Traitements du TSPT : thérapie centrée sur le trauma en première ligne
Les données consolidées en 2025 confirment que les thérapies cognitivo-comportementales centrées sur le trauma (TCC-TF) et l’EMDR restent les interventions les mieux étayées. Elles montrent des bénéfices sur les symptômes du TSPT, mais aussi sur la dépression et l’anxiété qui l’accompagnent fréquemment.
La TCC centrée sur le trauma consiste à exposer progressivement la personne au souvenir traumatique dans un cadre sécurisé, afin de modifier les pensées et croyances dysfonctionnelles associées. L’EMDR utilise des stimulations bilatérales (mouvements oculaires, tapotements) pendant la remémoration pour faciliter le retraitement du souvenir.
Un débat récurrent concerne les approches dites « en phases » pour les personnes ayant subi des traumatismes répétés ou précoces. Ces protocoles prévoient une phase de stabilisation avant d’aborder le trauma. Des méta-analyses de 2025, portant sur des adultes traumatisés dans l’enfance, montrent un effet faible des approches en phases par rapport à la thérapie trauma directe, sans différence significative sur les taux de complétion du traitement.
Les antidépresseurs (principalement les inhibiteurs sélectifs de la recapture de la sérotonine) constituent un traitement complémentaire, recommandé lorsque la psychothérapie seule ne suffit pas ou quand l’accès à une thérapie spécialisée est limité.

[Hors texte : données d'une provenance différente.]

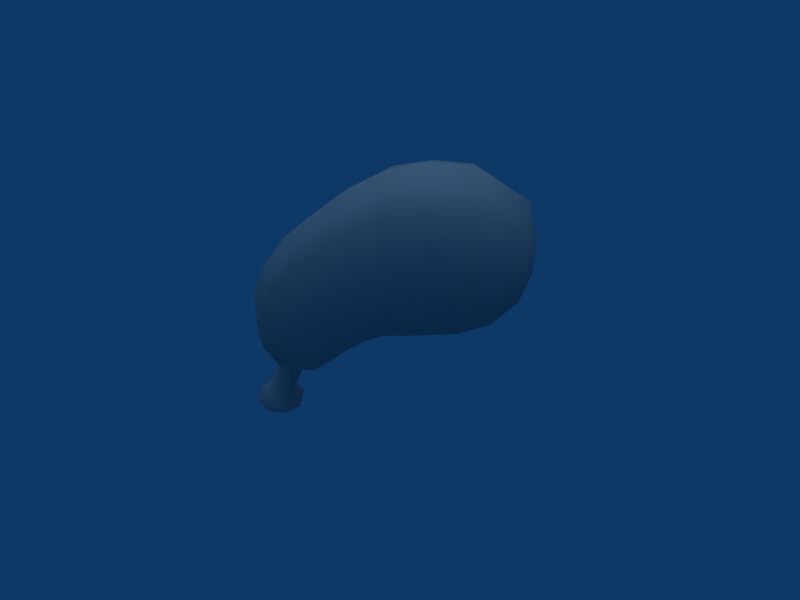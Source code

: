 # Source: BBQ_Chicken_Leg.blend  (saved by Blender 2.49.2; exported with 4.5.12 LTS)
import bpy
from mathutils import Matrix  # noqa: F401  (used for matrix-valued properties, if any)

bpy.ops.wm.read_factory_settings(use_empty=True)
scene = bpy.context.scene
scene.name = 'Scene'

# ---- collections
col_collection_1 = bpy.data.collections.new('Collection 1'); scene.collection.children.link(col_collection_1)

# ---- materials (node trees are filled in below, after node groups)
mat_refrep_212 = bpy.data.materials.new('RefRep.212')
mat_refrep_212.alpha_threshold = 0.0
mat_refrep_212.diffuse_color = (0.698, 0.698, 0.698, 1.0)
mat_refrep_212.roughness = 0.5
mat_refrep_212.line_color = (0.0, 0.0, 0.0, 1.0)

# ---- material node trees

# ---- world
world_world = bpy.data.worlds.new('World'); scene.world = world_world
world_world.color = (0.05656, 0.2208, 0.4)
world_world.use_sun_shadow = False
world_world.sun_shadow_jitter_overblur = 0.0
world_world.cycles.sampling_method = 'MANUAL'
world_world.cycles.sample_map_resolution = 256

# ---- cameras
cam_camera = bpy.data.cameras.new('Camera')
cam_camera.passepartout_alpha = 0.2
cam_camera.clip_end = 100.0
cam_camera.lens = 35.0
cam_camera.ortho_scale = 7.314
cam_camera.show_passepartout = False
cam_camera.show_safe_areas = True
cam_camera.dof.focus_distance = 0.0
cam_camera.dof.aperture_fstop = 128.0

# ---- lights
light_lamp = bpy.data.lights.new('Lamp', 'SUN')
light_lamp.transmission_factor = 0.0
light_lamp.angle = 1.571
light_lamp.energy = 0.8
light_lamp.shadow_buffer_clip_start = 0.5
light_lamp.shadow_soft_size = 1.0
light_lamp.shadow_cascade_max_distance = 1000.0
light_lamp.cycles.use_multiple_importance_sampling = False

# ---- meshes
me_inst3d25_refrep_212 = bpy.data.meshes.new('Inst3D25_RefRep.212')
me_inst3d25_refrep_212.from_pydata([(52.13, 76.87, 18.71), (42.16, 64.89, 17.83), (10.61, 58.73, 18.24), (2.699, 76.82, 25.68), (-38.91, 38.3, 4.758), (-41.57, 39.18, 1.972), (-40.79, 38.92, 3.942), (-54.28, 11.68, 2.179), (-54.28, 11.68, -2.175), (-41.57, 39.18, -1.968), (-42.35, 39.43, 0.002), (-47.84, 1.739, -5.895), (-10.91, 71.39, 24.47), (36.04, 86.67, 26.81), (29.12, 60.1, 18.06), (0.8356, 58.46, 18.18), (-7.666, 54.14, 17.33), (-29.02, 54.25, 21.17), (-19.44, 63.32, 22.92), (-37.74, 59.29, 20.2), (-29.72, 69.93, 21.87), (-20.71, 79.18, 23.43), (8.416, 96.24, 24.7), (12.84, 80.86, 26.58), (21.36, 99.9, 24.48), (24.38, 83.75, 26.7), (35.39, 99.61, -25.35), (21.34, 99.68, -25.08), (12.13, 80.75, -26.66), (8.091, 96.73, -25.14), (-22.0, 80.95, -23.42), (-19.44, 63.32, -22.91), (-29.02, 54.25, -21.16), (-31.31, 71.69, -21.8), (-45.52, 6.262, -9.597), (-43.82, 10.55, -2.175), (-46.13, 3.728, -9.106), (-52.45, 2.351, -5.895), (-53.64, 4.543, -9.106), (-53.43, 7.12, -9.597), (-58.94, 5.119, 3.775), (-59.02, 7.727, 3.978), (-51.21, 11.35, -5.254), (-35.15, 37.07, -4.754), (-38.91, 38.3, -4.754), (-46.88, 10.88, -5.254), (-46.88, 10.88, 5.258), (-35.15, 37.07, 4.758), (-32.49, 36.2, 1.972), (-43.82, 10.55, 2.179), (-20.26, 107.2, 0.002), (3.482, 113.4, 19.0), (-38.63, 91.59, 0.002), (-33.08, 89.03, 18.25), (-41.98, 77.8, 16.89), (-54.16, 65.18, 0.002), (-49.84, 46.22, 13.43), (-44.22, 35.61, 12.83), (-31.89, 29.69, 0.002), (-29.46, 35.52, 14.93), (-17.27, 41.36, 0.002), (-16.06, 47.56, 16.37), (-8.237, 47.76, 0.002), (0.8356, 51.9, 0.002), (47.02, 59.79, 0.002), (58.37, 76.87, 0.002), (54.76, 109.5, 0.002), (53.04, 91.75, 17.79), (49.91, 104.4, 13.86), (34.56, 114.7, 18.71), (-29.46, 35.52, -14.92), (-49.07, 30.51, 0.002), (-55.38, 43.67, 0.002), (-47.85, 79.15, 0.002), (-1.37, 118.5, 0.002), (3.482, 113.4, -18.99), (15.9, 121.9, 0.002), (34.56, 121.3, 0.002), (49.91, 104.4, -13.86), (53.13, 91.37, -18.34), (59.03, 91.58, 0.002), (52.13, 76.87, -18.71), (42.16, 64.89, -17.83), (32.03, 54.52, 0.002), (11.18, 52.45, 0.002), (-7.666, 54.14, -17.33), (35.35, 99.79, 24.73), (18.34, 116.0, 18.86), (-15.11, 103.2, 18.68), (-6.206, 90.0, 23.88), (-47.93, 65.18, 15.37), (-49.84, 46.22, -13.43), (-38.47, 60.46, -20.33), (-47.93, 65.18, -15.37), (-41.98, 77.8, -16.89), (-6.41, 90.71, -24.26), (-33.08, 89.03, -18.25), (-15.11, 103.2, -18.67), (18.34, 116.0, -18.85), (34.56, 114.7, -18.71), (36.04, 86.67, -26.81), (24.02, 83.69, -26.74), (28.4, 59.98, -18.14), (2.29, 76.75, -25.73), (9.788, 58.59, -18.34), (-10.91, 71.39, -24.47), (0.8356, 58.46, -18.18), (-16.06, 47.56, -16.37), (-44.22, 35.61, -12.82), (-59.02, 7.727, -3.974), (-58.94, 5.119, -3.771), (-55.88, 2.808, -2.441), (-55.88, 2.808, 2.445), (-52.45, 2.351, 5.899), (-47.84, 1.739, 5.899), (-53.64, 4.543, 9.11), (-53.43, 7.12, 9.601), (-51.21, 11.35, 5.258), (-45.52, 6.262, 9.601), (-37.03, 37.69, 5.574), (-39.93, 5.655, 3.978), (-46.13, 3.728, 9.11), (-40.82, 3.152, 3.775), (-50.22, 1.003, 0.002), (-44.15, 1.366, 2.445), (-44.15, 1.366, -2.441), (-40.82, 3.152, -3.771), (-39.93, 5.655, -3.974), (-32.49, 36.2, -1.968)], [], [(61, 17, 59), (0, 13, 1), (23, 3, 2), (4, 117, 119), (4, 6, 117), (5, 7, 6), (7, 117, 6), (5, 10, 7), (7, 10, 8), (8, 10, 9), (37, 11, 123), (111, 37, 123), (16, 17, 61), (16, 18, 17), (2, 12, 15), (2, 3, 12), (25, 1, 13), (25, 14, 1), (23, 14, 25), (23, 2, 14), (15, 18, 16), (15, 12, 18), (18, 19, 17), (18, 20, 19), (12, 20, 18), (12, 21, 20), (3, 21, 12), (3, 89, 21), (23, 89, 3), (23, 22, 89), (23, 24, 22), (23, 25, 24), (86, 25, 13), (86, 24, 25), (13, 0, 67), (67, 86, 13), (101, 26, 100), (101, 27, 26), (28, 27, 101), (28, 29, 27), (103, 29, 28), (103, 95, 29), (105, 95, 103), (105, 30, 95), (31, 30, 105), (31, 33, 30), (32, 33, 31), (32, 92, 33), (34, 42, 45), (34, 39, 42), (41, 117, 7), (41, 116, 117), (120, 35, 49), (120, 127, 35), (36, 37, 38), (36, 11, 37), (38, 111, 110), (38, 37, 111), (40, 113, 115), (40, 112, 113), (122, 125, 126), (122, 124, 125), (36, 39, 34), (36, 38, 39), (38, 109, 39), (38, 110, 109), (40, 116, 41), (40, 115, 116), (122, 127, 120), (122, 126, 127), (39, 8, 42), (39, 109, 8), (42, 9, 44), (42, 8, 9), (45, 44, 43), (45, 42, 44), (49, 128, 48), (49, 35, 128), (46, 48, 47), (46, 49, 48), (76, 74, 87), (87, 74, 51), (74, 50, 51), (51, 50, 88), (50, 52, 88), (88, 52, 53), (52, 73, 53), (53, 73, 54), (73, 55, 54), (54, 55, 90), (55, 72, 90), (90, 72, 56), (72, 71, 56), (56, 71, 57), (71, 58, 57), (57, 58, 59), (58, 60, 59), (59, 60, 61), (60, 62, 61), (61, 62, 16), (62, 63, 16), (16, 63, 15), (63, 84, 15), (15, 84, 2), (84, 83, 2), (2, 83, 14), (83, 64, 14), (14, 64, 1), (64, 65, 1), (65, 0, 1), (80, 0, 65), (0, 80, 67), (80, 66, 67), (67, 66, 68), (66, 77, 68), (68, 77, 69), (77, 76, 69), (69, 76, 87), (62, 60, 85), (85, 60, 107), (60, 58, 107), (107, 58, 70), (58, 71, 70), (70, 71, 108), (71, 72, 108), (108, 72, 91), (72, 55, 91), (91, 55, 93), (55, 73, 93), (93, 73, 94), (73, 52, 94), (94, 52, 96), (52, 50, 96), (96, 50, 97), (50, 74, 97), (97, 74, 75), (74, 76, 75), (75, 76, 98), (76, 77, 98), (98, 77, 99), (77, 66, 99), (99, 66, 78), (66, 80, 78), (78, 80, 79), (80, 65, 79), (79, 65, 81), (65, 64, 81), (81, 64, 82), (64, 83, 82), (82, 83, 102), (83, 84, 102), (102, 84, 104), (84, 63, 104), (104, 63, 106), (63, 62, 106), (106, 62, 85), (68, 69, 67), (67, 69, 86), (69, 87, 86), (86, 87, 24), (87, 51, 24), (24, 51, 22), (51, 88, 22), (22, 88, 89), (88, 53, 89), (89, 53, 21), (53, 54, 21), (21, 54, 20), (54, 90, 20), (20, 90, 19), (90, 56, 19), (19, 56, 17), (56, 57, 17), (17, 57, 59), (108, 91, 32), (32, 91, 92), (91, 93, 92), (92, 93, 33), (93, 94, 33), (33, 94, 30), (94, 96, 30), (30, 96, 95), (96, 97, 95), (95, 97, 29), (97, 75, 29), (29, 75, 27), (75, 98, 27), (27, 98, 26), (98, 99, 26), (26, 99, 79), (99, 78, 79), (79, 81, 26), (26, 81, 100), (81, 82, 100), (100, 82, 101), (82, 102, 101), (101, 102, 28), (102, 104, 28), (28, 104, 103), (104, 106, 103), (103, 106, 105), (106, 85, 105), (105, 85, 31), (85, 107, 31), (31, 107, 32), (107, 70, 32), (32, 70, 108), (8, 109, 7), (7, 109, 41), (109, 110, 41), (41, 110, 40), (110, 111, 40), (40, 111, 112), (111, 123, 112), (112, 123, 113), (123, 114, 113), (113, 114, 115), (114, 121, 115), (115, 121, 116), (121, 118, 116), (116, 118, 117), (118, 46, 117), (117, 46, 119), (46, 47, 119), (46, 118, 49), (49, 118, 120), (118, 121, 120), (120, 121, 122), (121, 114, 122), (122, 114, 124), (114, 123, 124), (124, 123, 125), (123, 11, 125), (125, 11, 126), (11, 36, 126), (126, 36, 127), (36, 34, 127), (127, 34, 35), (34, 45, 35), (35, 45, 128), (45, 43, 128)])
me_inst3d25_refrep_212.polygons.foreach_set('use_smooth', [True] * 241)
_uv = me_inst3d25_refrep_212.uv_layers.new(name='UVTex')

Le TSPT reste un trouble pour lequel la précocité de la prise en charge compte. Un soutien psychologique rapide après l’événement ne prévient pas toujours l’apparition du trouble, mais le fait de consulter dès que les symptômes persistent au-delà de quelques semaines améliore le pronostic. Le facteur le plus protecteur, avant même toute intervention professionnelle, reste le soutien de l’entourage dans les jours et semaines qui suivent le traumatisme.